21 Kasım 2012 Çarşamba

TGC VE TGS TUTUKLU GAZETECİLERİN YANINDA...



         Türkiye Gazeteciler Cemiyeti (TGC) Yönetim Kurulu Üyesi Recep Yaşar ve Türkiye Gazeteciler Sendikası (TGS) Genel Başkanı Ercan İpekçi, 12 Eylül’de açlık grevine başlayan ve açlık grevinin sonlandırılmasından sonra hastaneye kaldırılan DİHA Editörü Tayip Temel'i ziyaret etti. Görüşmenin ardından Yaşar ve İpekçi, TGC Diyarbakır Temsilcisi Faruk Balıkçı'nın da katılımıyla Güneydoğu Gazeteciler Cemiyeti'nde basın toplantısı düzenledi.
       Türkiye Gazeteciler Cemiyeti (TGC) Yönetim Kurulu Üyesi Recep Yaşar, basın özgürlüğünün demokrasinin olmazsa olmazı olduğuna dikkat çekti.
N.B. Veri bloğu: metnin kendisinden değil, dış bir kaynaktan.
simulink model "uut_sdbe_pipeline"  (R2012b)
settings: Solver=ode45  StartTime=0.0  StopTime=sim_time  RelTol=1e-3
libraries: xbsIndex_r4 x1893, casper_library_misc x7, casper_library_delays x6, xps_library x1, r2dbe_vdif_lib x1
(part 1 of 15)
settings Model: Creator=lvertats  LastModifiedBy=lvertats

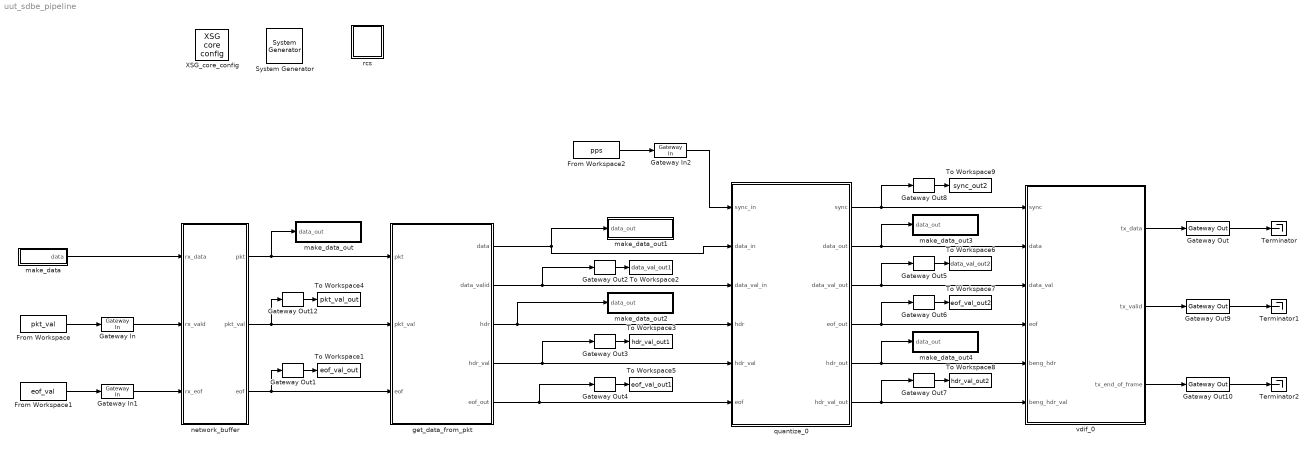
== system uut_sdbe_pipeline ==
  " System Generator" : xbsIndex_r4/ System Generator  Tag=genX  xilinxfamily=virtex6  part=xc6vsx475t  speed=-1  package=ff1759  synthesis_tool=XST  clock_wrapper=Clock Enables  directory=./sdbe_8_11/sysgen  proj_type=Project Navigator  Synth_file=XST Defaults  Impl_file=ISE Defaults  testbench=off  simulink_period=1  sysclk_period=4.8077  dcm_input_clock_period=100  incr_netlist=off  trim_vbits=Everywhere in SubSystem  dbl_ovrd=According to Block Masks  core_generation=According to Block Masks  run_coregen=off  deprecated_control=off  eval_field=0  block_type=sysgen
  From Workspace : FromWorkspace  VariableName=pkt_val  SampleTime=1  Interpolate=off  OutputAfterFinalValue=Setting to zero
  From Workspace1 : FromWorkspace  VariableName=eof_val  SampleTime=1  Interpolate=off  OutputAfterFinalValue=Setting to zero
  From Workspace2 : FromWorkspace  VariableName=pps  SampleTime=1  Interpolate=off  OutputAfterFinalValue=Setting to zero
  Gateway In : xbsIndex_r4/Gateway In  gui_display_data_type=Boolean  arith_type=Boolean  n_bits=16  bin_pt=14  preci_type=Single  exp_width=8  frac_width=24  quantization="Round  (unbiased: +/- Inf)"  overflow=Saturate  period=1  dbl_ovrd=off  timing_constraint=None  locs_specified=off  LOCs={}  UseAsADC=off  ADCChannel='1'  inherit_from_input=off  hdl_port=on  block_type=gatewayin
  Gateway In1 : xbsIndex_r4/Gateway In  gui_display_data_type=Boolean  arith_type=Boolean  n_bits=16  bin_pt=14  preci_type=Single  exp_width=8  frac_width=24  quantization="Round  (unbiased: +/- Inf)"  overflow=Saturate  period=1  dbl_ovrd=off  timing_constraint=None  locs_specified=off  LOCs={}  UseAsADC=off  ADCChannel='1'  inherit_from_input=off  hdl_port=on  block_type=gatewayin
  Gateway In2 : xbsIndex_r4/Gateway In  gui_display_data_type=Boolean  arith_type=Boolean  n_bits=16  bin_pt=14  preci_type=Single  exp_width=8  frac_width=24  quantization="Round  (unbiased: +/- Inf)"  overflow=Saturate  period=1  dbl_ovrd=off  timing_constraint=None  locs_specified=off  LOCs={}  UseAsADC=off  ADCChannel='1'  inherit_from_input=off  hdl_port=on  block_type=gatewayin
  Gateway Out{,1..10,12} (12 alike) : xbsIndex_r4/Gateway Out  inherit_from_input=off  hdl_port=on  timing_constraint=None  locs_specified=off  LOCs={}  UseAsDAC=off  DACChannel='1'  block_type=gatewayout
  Terminator : Terminator
  Terminator1 : Terminator
  Terminator2 : Terminator
  To Workspace1 : ToWorkspace  VariableName=eof_val_out  SampleTime=-1  SaveFormat=Timeseries
  To Workspace2 : ToWorkspace  VariableName=data_val_out1  SampleTime=-1  SaveFormat=Timeseries
  To Workspace3 : ToWorkspace  VariableName=hdr_val_out1  SampleTime=-1  SaveFormat=Timeseries
  To Workspace4 : ToWorkspace  VariableName=pkt_val_out  SampleTime=-1  SaveFormat=Timeseries
  To Workspace5 : ToWorkspace  VariableName=eof_val_out1  SampleTime=-1  SaveFormat=Timeseries
  To Workspace6 : ToWorkspace  VariableName=data_val_out2  SampleTime=-1  SaveFormat=Timeseries
  To Workspace7 : ToWorkspace  VariableName=eof_val_out2  SampleTime=-1  SaveFormat=Timeseries
  To Workspace8 : ToWorkspace  VariableName=hdr_val_out2  SampleTime=-1  SaveFormat=Timeseries
  To Workspace9 : ToWorkspace  VariableName=sync_out2  SampleTime=-1  SaveFormat=Timeseries
  XSG_core_config : xps_library/XSG core config  Tag=xps:xsg  hw_sys=ROACH2:sx475t  clk_src=adc0_clk  ROACH_clk_src=sys_clk  ROACH2_clk_src=adc0_clk  MKDIG_clk_src=sys_clk  clk_rate=3328/16  sample_period=1  synthesis_tool=XST
  get_data_from_pkt : Subsystem
  make_data : Subsystem
  make_data_out : Subsystem
  make_data_out1 : Subsystem
  make_data_out2 : Subsystem
  make_data_out3 : Subsystem
  make_data_out4 : Subsystem
  network_buffer : Subsystem
  quantize_0 : Subsystem  mask(r2dbe_quantize){mult_delay=3, add_delay=2, convert_delay=1, pipeline_delay=1, io_delay=3}
      mask prompts: mult_delay "Multiplier latency:"; add_delay "Adder latency:"; convert_delay "Convert latency:"; pipeline_delay "Output pipeline delay:"; io_delay "I/O delay:"
      mask help: Sub-system for quantization parameters of the R2DBE.
  rcs : Subsystem  AncestorBlock=casper_library_misc/rcs  mask(rcs){app_src=timestamp, lib_src=timestamp, user_val=0}
      mask prompts: app_src "Application revision info to capture"; lib_src "CASPER libraries revision info to capture"; user_val "User specified value"
      mask help:
      | Embeds revision control information for the user design and libraries.
      | On failure to locate specified revision information, falls back to
      | timestamps (current time for libraries).
      | A user specified value is also stored.
      mask init:
      | rcs_init(gcb, ...
      |     'app_src', app_src, ...
      |     'lib_src', lib_src);
      mask TypeOptions app_src: timestamp | git | svn
      mask TypeOptions lib_src: timestamp | git | svn
  vdif_0 : Subsystem  mask(r2dbe_vdif){}
      mask help: Sub-system for VDIF parameters of the R2DBE.
  wires:
  From Workspace1/1 -> Gateway In1/1
  From Workspace/1 -> Gateway In/1
  Gateway In/1 -> network_buffer/2(rx_vald)
  Gateway In1/1 -> network_buffer/3(rx_eof)
  make_data/1(data) -> network_buffer/1(rx_data)
  network_buffer/1(pkt) -> make_data_out/1(data_out), get_data_from_pkt/1(pkt)
  Gateway Out12/1 -> To Workspace4/1
  network_buffer/2(pkt_val) -> Gateway Out12/1, get_data_from_pkt/2(pkt_val)
  Gateway Out1/1 -> To Workspace1/1
  network_buffer/3(eof) -> Gateway Out1/1, get_data_from_pkt/3(eof)
  get_data_from_pkt/1(data) -> quantize_0/2(data_in), make_data_out1/1(data_out)
  Gateway Out2/1 -> To Workspace2/1
  get_data_from_pkt/2(data_valid) -> Gateway Out2/1, quantize_0/3(data_val_in)
  Gateway Out3/1 -> To Workspace3/1
  get_data_from_pkt/4(hdr_val) -> quantize_0/5(hdr_val), Gateway Out3/1
  get_data_from_pkt/3(hdr) -> quantize_0/4(hdr), make_data_out2/1(data_out)
  Gateway Out4/1 -> To Workspace5/1
  get_data_from_pkt/5(eof_out) -> quantize_0/6(eof), Gateway Out4/1
  From Workspace2/1 -> Gateway In2/1
  Gateway In2/1 -> quantize_0/1(sync_in)
  quantize_0/2(data_out) -> vdif_0/2(data), make_data_out3/1(data_out)
  Gateway Out5/1 -> To Workspace6/1
  quantize_0/3(data_val_out) -> vdif_0/3(data_val), Gateway Out5/1
  quantize_0/5(hdr_out) -> vdif_0/5(beng_hdr), make_data_out4/1(data_out)
  Gateway Out6/1 -> To Workspace7/1
  quantize_0/4(eof_out) -> vdif_0/4(eof), Gateway Out6/1
  Gateway Out7/1 -> To Workspace8/1
  quantize_0/6(hdr_val_out) -> vdif_0/6(beng_hdr_val), Gateway Out7/1
  Gateway Out8/1 -> To Workspace9/1
  quantize_0/1(sync) -> Gateway Out8/1, vdif_0/1(sync)
  Gateway Out/1 -> Terminator/1
  vdif_0/1(tx_data) -> Gateway Out/1
  Gateway Out9/1 -> Terminator1/1
  vdif_0/2(tx_valid) -> Gateway Out9/1
  Gateway Out10/1 -> Terminator2/1
  vdif_0/3(tx_end_of_frame) -> Gateway Out10/1

== system uut_sdbe_pipeline/get_data_from_pkt ==
  note: SHOULD BE AN AND HERE ON EOF AND DATA VAL GOING OUT EOF
  note: can pass all through, but turn valid off for first
  pkt : Inport
  pkt_val : Inport  Port=2
  eof : Inport  Port=3
  Constant : Constant  Value=0
  Counter : xbsIndex_r4/Counter  cnt_type=Free Running  cnt_to=Inf  operation=Up  start_count=0  cnt_by_val=1  arith_type=Unsigned  n_bits=32  bin_pt=0  load_pin=off  rst=on  en=on  explicit_period=on  period=1  dbl_ovrd=off  use_behavioral_HDL=off  implementation=Fabric  block_type=counter
  Delay2 : xbsIndex_r4/Delay  rst=off  infoeditControl=Selection of Reset will increase slice count due to use of real FFs and instead of SRLs  en=off  latency=1  dbl_ovrd=off  reg_retiming=off  block_type=delay
  Delay3 : xbsIndex_r4/Delay  rst=off  infoeditControl=Selection of Reset will increase slice count due to use of real FFs and instead of SRLs  en=off  latency=1  dbl_ovrd=off  reg_retiming=off  block_type=delay
  Slice : xbsIndex_r4/Slice  nbits=1  boolean_output=on  mode=Upper Bit Location + Width  bit1=0  base1=MSB of Input  bit0=0  base0=LSB of Input  dbl_ovrd=off  block_type=slice
  Terminator : Terminator
  gen_valids1 : Subsystem
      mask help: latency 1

Gazetecilere yönelik yapılan her türlü baskının basın özgürlüğünü zedeleyen en önemli faktörlerden birisi olduğuna dikkat çeken Yaşar, Adalet Bakanlığı'ndan aldıkları izinle görüştükleri tutuklu Tayip Temel'in genel sağlık durumuna ilişkin bilgilendirmede bulundu.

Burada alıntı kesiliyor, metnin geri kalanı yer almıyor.